DATA FOR THIS EXERCISE -
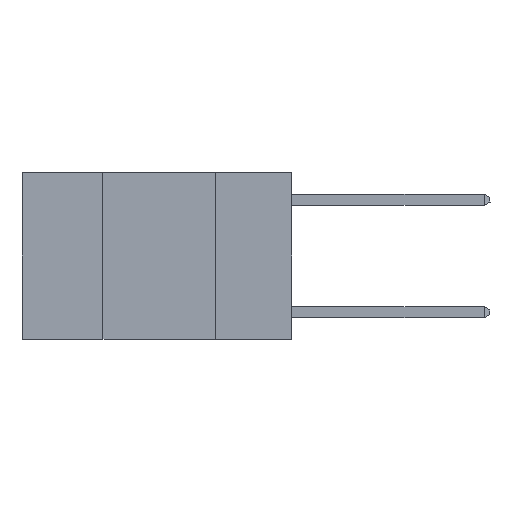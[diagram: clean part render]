
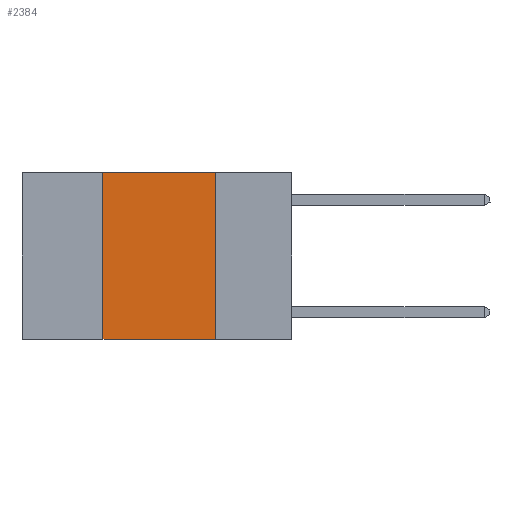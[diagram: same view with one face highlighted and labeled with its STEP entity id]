
A CAD part, left-side view. The second image highlights one B-rep face of the part: STEP entity #2384.
In plain terms, the highlighted planar face has unit normal (-1, 0, 0).
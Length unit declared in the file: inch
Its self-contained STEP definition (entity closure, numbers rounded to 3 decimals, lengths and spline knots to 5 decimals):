
#77 = DIRECTION ( 'NONE',  ( 0., -1., 0. ) ) ;
#408 = CARTESIAN_POINT ( 'NONE',  ( 0., 0.17, 0. ) ) ;
#1082 = EDGE_CURVE ( 'NONE', #13446, #1758, #11178, .T. ) ;
#1506 = EDGE_LOOP ( 'NONE', ( #9628, #10711, #2533, #9243 ) ) ;
#1758 = VERTEX_POINT ( 'NONE', #7336 ) ;
#2323 = VERTEX_POINT ( 'NONE', #7587 ) ;
#2384 = ADVANCED_FACE ( 'NONE', ( #6010 ), #12067, .F. ) ;
#2500 = CARTESIAN_POINT ( 'NONE',  ( 0., 0.42, -0.37 ) ) ;
#2533 = ORIENTED_EDGE ( 'NONE', *, *, #1082, .F. ) ;
#3078 = DIRECTION ( 'NONE',  ( 0., -1., 0. ) ) ;
#3483 = EDGE_CURVE ( 'NONE', #1758, #2323, #9726, .T. ) ;
#4170 = DIRECTION ( 'NONE',  ( 0., 0., 1. ) ) ;
#4687 = LINE ( 'NONE', #408, #10548 ) ;
#5942 = CARTESIAN_POINT ( 'NONE',  ( 0., 0.42, 0. ) ) ;
#6010 = FACE_OUTER_BOUND ( 'NONE', #1506, .T. ) ;
#6272 = AXIS2_PLACEMENT_3D ( 'NONE', #13510, #11989, #11893 ) ;
#6653 = VERTEX_POINT ( 'NONE', #12624 ) ;
#7336 = CARTESIAN_POINT ( 'NONE',  ( 0., 0.42, 0. ) ) ;
#7587 = CARTESIAN_POINT ( 'NONE',  ( 0., 0.17, 0. ) ) ;
#9153 = EDGE_CURVE ( 'NONE', #2323, #6653, #4687, .T. ) ;
#9243 = ORIENTED_EDGE ( 'NONE', *, *, #9619, .T. ) ;
#9619 = EDGE_CURVE ( 'NONE', #13446, #6653, #14003, .T. ) ;
#9628 = ORIENTED_EDGE ( 'NONE', *, *, #9153, .F. ) ;
#9726 = LINE ( 'NONE', #12645, #11929 ) ;
#9740 = CARTESIAN_POINT ( 'NONE',  ( 0., 0.6, -0.37 ) ) ;
#10509 = VECTOR ( 'NONE', #4170, 39.37008 ) ;
#10548 = VECTOR ( 'NONE', #10799, 39.37008 ) ;
#10711 = ORIENTED_EDGE ( 'NONE', *, *, #3483, .F. ) ;
#10799 = DIRECTION ( 'NONE',  ( 0., 0., -1. ) ) ;
#11178 = LINE ( 'NONE', #5942, #10509 ) ;
#11893 = DIRECTION ( 'NONE',  ( 0., 0., -1. ) ) ;
#11929 = VECTOR ( 'NONE', #77, 39.37008 ) ;
#11989 = DIRECTION ( 'NONE',  ( 1., 0., 0. ) ) ;
#12067 = PLANE ( 'NONE',  #6272 ) ;
#12624 = CARTESIAN_POINT ( 'NONE',  ( 0., 0.17, -0.37 ) ) ;
#12645 = CARTESIAN_POINT ( 'NONE',  ( 0., 0.6, 0. ) ) ;
#13446 = VERTEX_POINT ( 'NONE', #2500 ) ;
#13510 = CARTESIAN_POINT ( 'NONE',  ( 0., 0.6, 0. ) ) ;
#13693 = VECTOR ( 'NONE', #3078, 39.37008 ) ;
#14003 = LINE ( 'NONE', #9740, #13693 ) ;

REQUIRED WORK -
Everything from the line containing "#10799 = DIRECTION" through the last line of the listing must be reproduced exactly, and no other line.

RESULT OF THIS EXERCISE -
#10799 = DIRECTION ( 'NONE',  ( 0., 0., -1. ) ) ;
#11178 = LINE ( 'NONE', #5942, #10509 ) ;
#11893 = DIRECTION ( 'NONE',  ( 0., 0., -1. ) ) ;
#11929 = VECTOR ( 'NONE', #77, 39.37008 ) ;
#11989 = DIRECTION ( 'NONE',  ( 1., 0., 0. ) ) ;
#12067 = PLANE ( 'NONE',  #6272 ) ;
#12624 = CARTESIAN_POINT ( 'NONE',  ( 0., 0.17, -0.37 ) ) ;
#12645 = CARTESIAN_POINT ( 'NONE',  ( 0., 0.6, 0. ) ) ;
#13446 = VERTEX_POINT ( 'NONE', #2500 ) ;
#13510 = CARTESIAN_POINT ( 'NONE',  ( 0., 0.6, 0. ) ) ;
#13693 = VECTOR ( 'NONE', #3078, 39.37008 ) ;
#14003 = LINE ( 'NONE', #9740, #13693 ) ;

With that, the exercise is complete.